(DATA FOR THIS TASK begins)
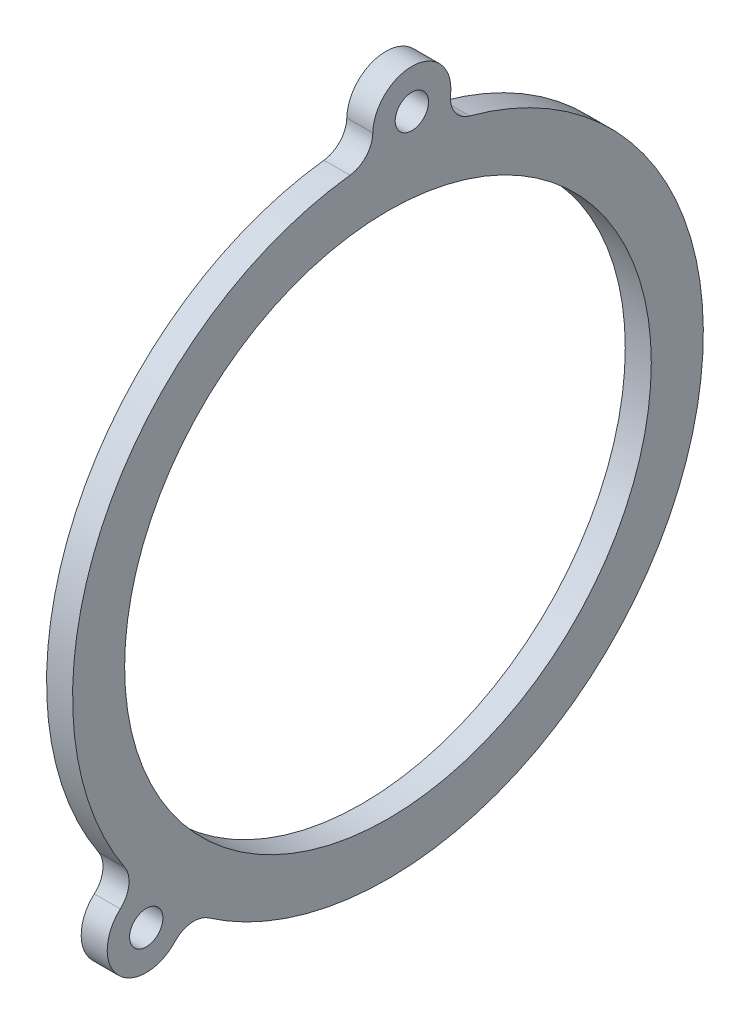
SolidWorks part; units mm, degrees
ref_plane "Front Plane" through (0, 0, 0) normal (0, 0, 1) x (1, 0, 0)
ref_plane "Top Plane" through (0, 0, 0) normal (0, 1, 0) x (1, 0, 0)
ref_plane "Right Plane" through (0, 0, 0) normal (1, 0, 0) x (0, 0, -1)
sketch "Sketch1" plane through (0, 0, 0) normal (1, 0, 0) x (0, 0, -1)
  circle A0 centre (0, 0) radius 32.131
  arc A1 (-1.0056, 38.4679) -> (-29.971, -24.1355) centre (0, 0) ccw
  arc A2 (6.4151, 37.9425) -> (-1.0056, 38.4679) centre (2.9148, 41.172) ccw
  arc A3 (-29.971, -24.1355) -> (-24.7669, -29.4515) centre (-29.4943, -28.8741) ccw
  arc A4 (-24.7669, -29.4515) -> (6.4151, 37.9425) centre (0, 0) ccw
  circle A5 centre (2.9148, 41.172) radius 2.032
  circle A6 centre (-29.4943, -28.8741) radius 2.032
  circle A7 centre (2.9148, 41.172) radius 2.032 construction
  circle A8 centre (-29.4943, -28.8741) radius 2.032 construction
  dimension "D1" = 64.262
  dimension "D2" = 6.35
  dimension "D3" = 4.064
  dimension "D4" = 9.525
extrude "Boss-Extrude1" add sketch "Sketch1" along normal blind 3.175
fillet "Fillet1" radius 3.175 4 edges at (1.5875, -29.4515, 24.7669) (1.5875, -24.1355, 29.971) (1.5875, 37.9425, -6.4151) (1.5875, 38.4679, 1.0056)
(DATA FOR THIS TASK ends)
### [THE PROBLEM]
A verbatim copy of every record is required, with all pictures excluded.

### [SOLVED EXERCISE]
SolidWorks part; units mm, degrees
ref_plane "Front Plane" through (0, 0, 0) normal (0, 0, 1) x (1, 0, 0)
ref_plane "Top Plane" through (0, 0, 0) normal (0, 1, 0) x (1, 0, 0)
ref_plane "Right Plane" through (0, 0, 0) normal (1, 0, 0) x (0, 0, -1)
sketch "Sketch1" plane through (0, 0, 0) normal (1, 0, 0) x (0, 0, -1)
  circle A0 centre (0, 0) radius 32.131
  arc A1 (-1.0056, 38.4679) -> (-29.971, -24.1355) centre (0, 0) ccw
  arc A2 (6.4151, 37.9425) -> (-1.0056, 38.4679) centre (2.9148, 41.172) ccw
  arc A3 (-29.971, -24.1355) -> (-24.7669, -29.4515) centre (-29.4943, -28.8741) ccw
  arc A4 (-24.7669, -29.4515) -> (6.4151, 37.9425) centre (0, 0) ccw
  circle A5 centre (2.9148, 41.172) radius 2.032
  circle A6 centre (-29.4943, -28.8741) radius 2.032
  circle A7 centre (2.9148, 41.172) radius 2.032 construction
  circle A8 centre (-29.4943, -28.8741) radius 2.032 construction
  dimension "D1" = 64.262
  dimension "D2" = 6.35
  dimension "D3" = 4.064
  dimension "D4" = 9.525
extrude "Boss-Extrude1" add sketch "Sketch1" along normal blind 3.175
fillet "Fillet1" radius 3.175 4 edges at (1.5875, -29.4515, 24.7669) (1.5875, -24.1355, 29.971) (1.5875, 37.9425, -6.4151) (1.5875, 38.4679, 1.0056)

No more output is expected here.